= Beginning of Section =
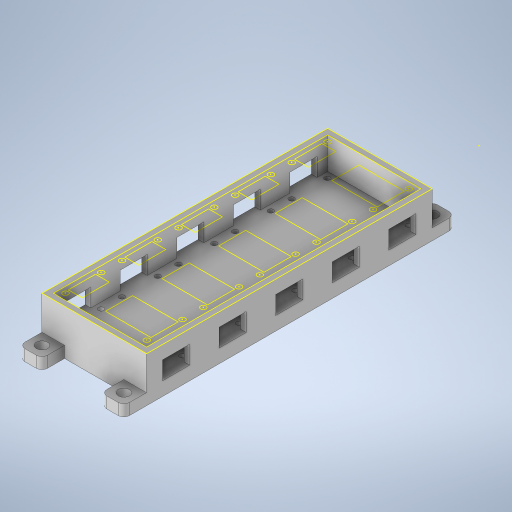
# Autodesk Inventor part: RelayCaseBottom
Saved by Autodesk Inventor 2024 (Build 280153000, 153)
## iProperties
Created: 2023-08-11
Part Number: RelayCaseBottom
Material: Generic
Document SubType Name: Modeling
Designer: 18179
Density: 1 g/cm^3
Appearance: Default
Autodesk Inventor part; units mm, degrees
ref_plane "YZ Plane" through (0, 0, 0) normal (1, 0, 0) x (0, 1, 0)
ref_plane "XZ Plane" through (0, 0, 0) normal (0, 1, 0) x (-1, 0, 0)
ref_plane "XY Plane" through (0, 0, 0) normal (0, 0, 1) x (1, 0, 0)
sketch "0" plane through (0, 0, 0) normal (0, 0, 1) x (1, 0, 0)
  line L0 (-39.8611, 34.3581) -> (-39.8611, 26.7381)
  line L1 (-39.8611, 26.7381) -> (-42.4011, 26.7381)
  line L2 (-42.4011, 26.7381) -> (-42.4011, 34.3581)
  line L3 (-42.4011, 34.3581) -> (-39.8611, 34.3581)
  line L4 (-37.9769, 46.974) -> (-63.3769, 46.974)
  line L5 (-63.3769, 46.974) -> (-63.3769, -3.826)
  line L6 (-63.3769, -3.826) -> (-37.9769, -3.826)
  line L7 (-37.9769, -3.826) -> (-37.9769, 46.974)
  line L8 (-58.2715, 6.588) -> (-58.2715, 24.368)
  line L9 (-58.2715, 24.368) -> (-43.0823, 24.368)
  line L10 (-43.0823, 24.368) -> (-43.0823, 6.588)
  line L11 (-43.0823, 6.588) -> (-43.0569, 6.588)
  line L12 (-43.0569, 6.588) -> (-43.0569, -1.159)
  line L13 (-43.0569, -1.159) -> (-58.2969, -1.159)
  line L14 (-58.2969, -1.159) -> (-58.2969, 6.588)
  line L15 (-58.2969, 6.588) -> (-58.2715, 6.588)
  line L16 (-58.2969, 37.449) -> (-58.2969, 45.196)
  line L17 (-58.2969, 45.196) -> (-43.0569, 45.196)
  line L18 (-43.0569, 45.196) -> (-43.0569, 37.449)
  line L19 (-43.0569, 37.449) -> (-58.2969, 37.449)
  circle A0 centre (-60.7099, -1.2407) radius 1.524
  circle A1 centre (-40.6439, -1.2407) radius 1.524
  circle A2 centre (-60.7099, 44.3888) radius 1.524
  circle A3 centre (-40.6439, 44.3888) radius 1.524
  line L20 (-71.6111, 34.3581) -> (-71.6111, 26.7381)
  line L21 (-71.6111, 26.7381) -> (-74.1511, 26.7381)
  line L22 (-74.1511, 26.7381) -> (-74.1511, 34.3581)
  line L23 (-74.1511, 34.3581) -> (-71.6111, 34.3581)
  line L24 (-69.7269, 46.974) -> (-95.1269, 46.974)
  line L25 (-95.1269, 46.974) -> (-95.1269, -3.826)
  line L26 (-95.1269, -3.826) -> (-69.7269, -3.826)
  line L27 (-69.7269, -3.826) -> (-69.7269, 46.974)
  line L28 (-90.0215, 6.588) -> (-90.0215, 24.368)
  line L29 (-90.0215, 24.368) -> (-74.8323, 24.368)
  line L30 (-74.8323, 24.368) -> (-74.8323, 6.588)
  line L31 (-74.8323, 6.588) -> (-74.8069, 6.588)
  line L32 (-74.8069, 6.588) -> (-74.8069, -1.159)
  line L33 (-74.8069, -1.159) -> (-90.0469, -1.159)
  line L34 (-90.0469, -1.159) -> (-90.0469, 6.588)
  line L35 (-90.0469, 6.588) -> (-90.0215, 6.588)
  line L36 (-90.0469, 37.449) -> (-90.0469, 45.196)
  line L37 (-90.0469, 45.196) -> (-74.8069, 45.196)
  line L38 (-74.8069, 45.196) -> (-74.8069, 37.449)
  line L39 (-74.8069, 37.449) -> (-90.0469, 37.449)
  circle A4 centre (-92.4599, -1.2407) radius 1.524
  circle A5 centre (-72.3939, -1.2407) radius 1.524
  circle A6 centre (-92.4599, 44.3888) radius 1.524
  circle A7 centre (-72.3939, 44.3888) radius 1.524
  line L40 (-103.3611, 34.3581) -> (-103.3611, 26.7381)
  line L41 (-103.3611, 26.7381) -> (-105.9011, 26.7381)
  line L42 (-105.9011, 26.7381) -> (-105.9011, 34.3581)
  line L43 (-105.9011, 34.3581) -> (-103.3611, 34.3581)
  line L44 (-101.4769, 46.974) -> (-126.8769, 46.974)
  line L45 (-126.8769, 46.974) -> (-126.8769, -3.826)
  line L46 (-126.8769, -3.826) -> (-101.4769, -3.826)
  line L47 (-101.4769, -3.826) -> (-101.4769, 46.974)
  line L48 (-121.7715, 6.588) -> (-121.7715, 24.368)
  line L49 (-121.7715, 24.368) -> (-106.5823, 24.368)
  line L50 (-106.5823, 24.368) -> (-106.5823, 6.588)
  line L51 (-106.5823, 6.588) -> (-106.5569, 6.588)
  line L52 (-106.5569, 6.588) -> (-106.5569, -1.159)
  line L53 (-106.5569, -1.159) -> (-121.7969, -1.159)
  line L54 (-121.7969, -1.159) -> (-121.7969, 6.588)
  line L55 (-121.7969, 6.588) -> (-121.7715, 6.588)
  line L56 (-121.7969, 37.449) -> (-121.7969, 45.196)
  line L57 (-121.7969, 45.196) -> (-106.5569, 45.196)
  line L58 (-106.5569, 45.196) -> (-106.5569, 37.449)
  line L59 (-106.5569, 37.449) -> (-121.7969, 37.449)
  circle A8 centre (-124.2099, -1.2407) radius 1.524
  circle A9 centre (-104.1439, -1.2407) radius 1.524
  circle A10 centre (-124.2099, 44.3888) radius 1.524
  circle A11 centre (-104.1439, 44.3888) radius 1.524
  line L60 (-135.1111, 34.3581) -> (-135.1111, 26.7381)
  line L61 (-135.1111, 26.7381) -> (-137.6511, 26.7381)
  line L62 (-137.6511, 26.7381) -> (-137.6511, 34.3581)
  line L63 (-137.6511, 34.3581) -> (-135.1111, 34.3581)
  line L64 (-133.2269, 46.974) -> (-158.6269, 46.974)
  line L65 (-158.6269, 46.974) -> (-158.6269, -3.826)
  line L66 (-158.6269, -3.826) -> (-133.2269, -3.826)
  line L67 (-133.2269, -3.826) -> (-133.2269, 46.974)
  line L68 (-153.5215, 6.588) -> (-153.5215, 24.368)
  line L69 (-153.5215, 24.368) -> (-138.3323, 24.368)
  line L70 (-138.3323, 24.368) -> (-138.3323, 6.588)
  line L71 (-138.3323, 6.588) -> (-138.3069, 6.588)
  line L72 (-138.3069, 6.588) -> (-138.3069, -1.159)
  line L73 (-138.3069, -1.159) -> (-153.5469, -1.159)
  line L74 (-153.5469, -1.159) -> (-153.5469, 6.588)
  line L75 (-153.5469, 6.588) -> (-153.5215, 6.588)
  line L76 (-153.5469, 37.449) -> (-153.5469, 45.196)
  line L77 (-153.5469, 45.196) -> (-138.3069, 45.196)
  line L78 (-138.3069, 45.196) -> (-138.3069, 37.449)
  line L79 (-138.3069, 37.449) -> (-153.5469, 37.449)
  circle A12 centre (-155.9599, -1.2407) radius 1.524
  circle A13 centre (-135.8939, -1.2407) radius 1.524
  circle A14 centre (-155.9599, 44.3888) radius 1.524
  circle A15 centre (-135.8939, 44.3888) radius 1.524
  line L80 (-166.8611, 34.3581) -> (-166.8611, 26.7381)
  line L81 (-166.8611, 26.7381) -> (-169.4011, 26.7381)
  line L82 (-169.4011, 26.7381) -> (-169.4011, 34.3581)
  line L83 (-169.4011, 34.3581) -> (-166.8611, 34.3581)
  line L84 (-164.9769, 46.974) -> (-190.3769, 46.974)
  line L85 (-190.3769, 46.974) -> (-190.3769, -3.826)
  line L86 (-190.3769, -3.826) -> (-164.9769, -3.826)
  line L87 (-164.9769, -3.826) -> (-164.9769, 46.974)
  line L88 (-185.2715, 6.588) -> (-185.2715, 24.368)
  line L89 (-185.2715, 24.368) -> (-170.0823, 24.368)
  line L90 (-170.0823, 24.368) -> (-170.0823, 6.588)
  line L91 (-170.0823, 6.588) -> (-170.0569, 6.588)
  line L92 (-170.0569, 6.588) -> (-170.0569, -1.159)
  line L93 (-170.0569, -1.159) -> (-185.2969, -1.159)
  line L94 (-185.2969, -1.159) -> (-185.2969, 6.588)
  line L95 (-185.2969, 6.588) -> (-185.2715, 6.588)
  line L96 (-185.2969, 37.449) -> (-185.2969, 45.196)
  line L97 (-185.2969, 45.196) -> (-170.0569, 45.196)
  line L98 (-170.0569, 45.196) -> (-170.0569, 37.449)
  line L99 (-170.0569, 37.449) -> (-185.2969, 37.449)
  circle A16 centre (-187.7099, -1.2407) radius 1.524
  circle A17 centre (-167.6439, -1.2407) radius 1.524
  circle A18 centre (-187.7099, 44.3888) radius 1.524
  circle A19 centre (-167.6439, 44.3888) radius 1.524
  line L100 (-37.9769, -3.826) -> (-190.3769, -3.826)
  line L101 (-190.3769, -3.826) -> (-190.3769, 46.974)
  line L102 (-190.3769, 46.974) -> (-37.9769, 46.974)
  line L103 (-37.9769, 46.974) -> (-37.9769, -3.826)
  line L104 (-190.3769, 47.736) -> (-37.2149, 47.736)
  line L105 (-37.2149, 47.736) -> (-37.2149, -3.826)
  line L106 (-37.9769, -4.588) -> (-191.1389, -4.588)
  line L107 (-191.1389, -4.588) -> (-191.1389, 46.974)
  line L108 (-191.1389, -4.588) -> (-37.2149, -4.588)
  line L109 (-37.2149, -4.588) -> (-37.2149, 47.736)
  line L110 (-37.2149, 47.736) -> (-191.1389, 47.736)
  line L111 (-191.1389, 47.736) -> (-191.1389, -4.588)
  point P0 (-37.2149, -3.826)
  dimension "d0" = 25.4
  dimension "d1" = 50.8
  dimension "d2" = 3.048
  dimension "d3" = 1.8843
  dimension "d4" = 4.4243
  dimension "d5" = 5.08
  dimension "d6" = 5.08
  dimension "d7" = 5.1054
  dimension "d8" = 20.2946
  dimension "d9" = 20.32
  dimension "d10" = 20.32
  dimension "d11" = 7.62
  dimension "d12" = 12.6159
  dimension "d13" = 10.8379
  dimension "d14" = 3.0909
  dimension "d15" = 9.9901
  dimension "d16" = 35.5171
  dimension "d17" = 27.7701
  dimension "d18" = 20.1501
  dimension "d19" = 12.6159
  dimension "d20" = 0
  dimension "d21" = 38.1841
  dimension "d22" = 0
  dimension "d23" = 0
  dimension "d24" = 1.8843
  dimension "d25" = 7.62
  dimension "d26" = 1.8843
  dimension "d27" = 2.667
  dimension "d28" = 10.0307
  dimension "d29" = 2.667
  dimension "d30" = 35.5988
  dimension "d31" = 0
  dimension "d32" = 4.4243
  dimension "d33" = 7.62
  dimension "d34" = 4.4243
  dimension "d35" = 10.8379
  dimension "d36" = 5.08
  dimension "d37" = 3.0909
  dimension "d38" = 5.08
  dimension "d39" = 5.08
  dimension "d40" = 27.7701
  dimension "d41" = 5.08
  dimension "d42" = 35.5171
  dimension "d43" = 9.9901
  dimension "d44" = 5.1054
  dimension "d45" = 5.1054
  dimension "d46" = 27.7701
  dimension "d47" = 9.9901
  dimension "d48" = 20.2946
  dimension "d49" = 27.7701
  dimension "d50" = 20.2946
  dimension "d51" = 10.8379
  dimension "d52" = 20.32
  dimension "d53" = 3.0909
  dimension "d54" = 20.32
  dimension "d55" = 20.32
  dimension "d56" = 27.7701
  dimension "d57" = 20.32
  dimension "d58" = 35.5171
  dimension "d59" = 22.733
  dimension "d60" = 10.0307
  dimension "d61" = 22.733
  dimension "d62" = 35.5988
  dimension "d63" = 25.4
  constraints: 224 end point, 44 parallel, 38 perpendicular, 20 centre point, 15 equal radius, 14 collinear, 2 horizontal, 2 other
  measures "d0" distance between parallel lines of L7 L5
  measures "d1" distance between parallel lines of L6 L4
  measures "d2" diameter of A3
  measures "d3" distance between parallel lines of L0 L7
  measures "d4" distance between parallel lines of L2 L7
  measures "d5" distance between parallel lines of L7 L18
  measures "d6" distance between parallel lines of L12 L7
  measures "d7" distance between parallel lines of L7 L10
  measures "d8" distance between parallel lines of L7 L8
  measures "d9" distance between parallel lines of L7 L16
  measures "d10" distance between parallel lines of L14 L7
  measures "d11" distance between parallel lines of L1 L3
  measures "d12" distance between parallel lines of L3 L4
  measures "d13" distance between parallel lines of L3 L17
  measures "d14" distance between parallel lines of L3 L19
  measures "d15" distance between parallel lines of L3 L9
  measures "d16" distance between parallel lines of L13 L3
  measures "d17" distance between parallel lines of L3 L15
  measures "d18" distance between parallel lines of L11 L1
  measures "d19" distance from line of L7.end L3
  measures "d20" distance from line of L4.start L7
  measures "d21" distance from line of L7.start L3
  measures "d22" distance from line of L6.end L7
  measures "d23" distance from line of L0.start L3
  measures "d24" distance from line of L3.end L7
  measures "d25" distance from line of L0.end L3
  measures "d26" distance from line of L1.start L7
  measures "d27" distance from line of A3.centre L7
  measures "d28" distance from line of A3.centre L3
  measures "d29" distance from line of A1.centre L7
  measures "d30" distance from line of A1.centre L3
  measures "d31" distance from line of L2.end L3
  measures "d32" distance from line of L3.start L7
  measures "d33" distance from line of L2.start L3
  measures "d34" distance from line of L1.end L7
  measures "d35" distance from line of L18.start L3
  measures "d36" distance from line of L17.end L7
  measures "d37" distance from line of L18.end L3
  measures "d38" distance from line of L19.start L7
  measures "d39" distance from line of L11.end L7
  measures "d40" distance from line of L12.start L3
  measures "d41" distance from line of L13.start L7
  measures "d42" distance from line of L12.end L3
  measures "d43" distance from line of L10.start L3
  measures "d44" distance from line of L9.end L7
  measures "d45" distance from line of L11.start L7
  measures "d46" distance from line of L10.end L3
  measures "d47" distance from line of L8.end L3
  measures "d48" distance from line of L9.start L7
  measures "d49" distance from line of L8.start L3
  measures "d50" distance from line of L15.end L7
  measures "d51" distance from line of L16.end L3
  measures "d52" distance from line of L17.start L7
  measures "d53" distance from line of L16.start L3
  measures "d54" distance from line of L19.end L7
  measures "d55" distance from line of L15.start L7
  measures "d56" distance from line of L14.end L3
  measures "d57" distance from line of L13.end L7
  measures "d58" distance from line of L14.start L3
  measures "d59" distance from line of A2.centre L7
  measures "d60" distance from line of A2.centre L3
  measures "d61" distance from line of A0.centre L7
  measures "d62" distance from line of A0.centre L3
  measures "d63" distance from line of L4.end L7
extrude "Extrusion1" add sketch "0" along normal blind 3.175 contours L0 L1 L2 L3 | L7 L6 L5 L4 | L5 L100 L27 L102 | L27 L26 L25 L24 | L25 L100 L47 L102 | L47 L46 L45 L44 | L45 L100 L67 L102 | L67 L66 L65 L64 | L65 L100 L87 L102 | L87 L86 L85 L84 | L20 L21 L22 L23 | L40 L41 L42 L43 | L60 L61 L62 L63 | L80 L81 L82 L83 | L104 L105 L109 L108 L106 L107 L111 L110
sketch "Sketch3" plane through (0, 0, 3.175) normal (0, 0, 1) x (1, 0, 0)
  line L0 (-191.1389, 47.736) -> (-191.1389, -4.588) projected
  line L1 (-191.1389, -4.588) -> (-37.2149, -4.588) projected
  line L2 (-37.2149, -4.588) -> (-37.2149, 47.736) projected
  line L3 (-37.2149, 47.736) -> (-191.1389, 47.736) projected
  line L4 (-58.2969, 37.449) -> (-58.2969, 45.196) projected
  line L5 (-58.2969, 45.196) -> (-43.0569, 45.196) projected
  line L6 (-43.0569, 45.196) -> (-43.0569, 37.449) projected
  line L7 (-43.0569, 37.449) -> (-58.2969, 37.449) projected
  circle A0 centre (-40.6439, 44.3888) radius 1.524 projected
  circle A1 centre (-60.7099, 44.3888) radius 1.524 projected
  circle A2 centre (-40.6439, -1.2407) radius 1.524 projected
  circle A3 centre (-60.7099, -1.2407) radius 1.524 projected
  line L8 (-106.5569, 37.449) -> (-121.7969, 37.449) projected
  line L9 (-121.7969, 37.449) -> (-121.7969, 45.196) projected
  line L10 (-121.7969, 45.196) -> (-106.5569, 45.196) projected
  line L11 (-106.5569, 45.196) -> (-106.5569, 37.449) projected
= End of Section =
**Instructions for the task**
Looking back over the data above, restate word for word the lines that begin at the line with "circle A17 centre" and end at the line with "line L102 (-190.3769, 46.974)", inclusive.

**Worked solution**
  circle A17 centre (-167.6439, -1.2407) radius 1.524
  circle A18 centre (-187.7099, 44.3888) radius 1.524
  circle A19 centre (-167.6439, 44.3888) radius 1.524
  line L100 (-37.9769, -3.826) -> (-190.3769, -3.826)
  line L101 (-190.3769, -3.826) -> (-190.3769, 46.974)
  line L102 (-190.3769, 46.974) -> (-37.9769, 46.974)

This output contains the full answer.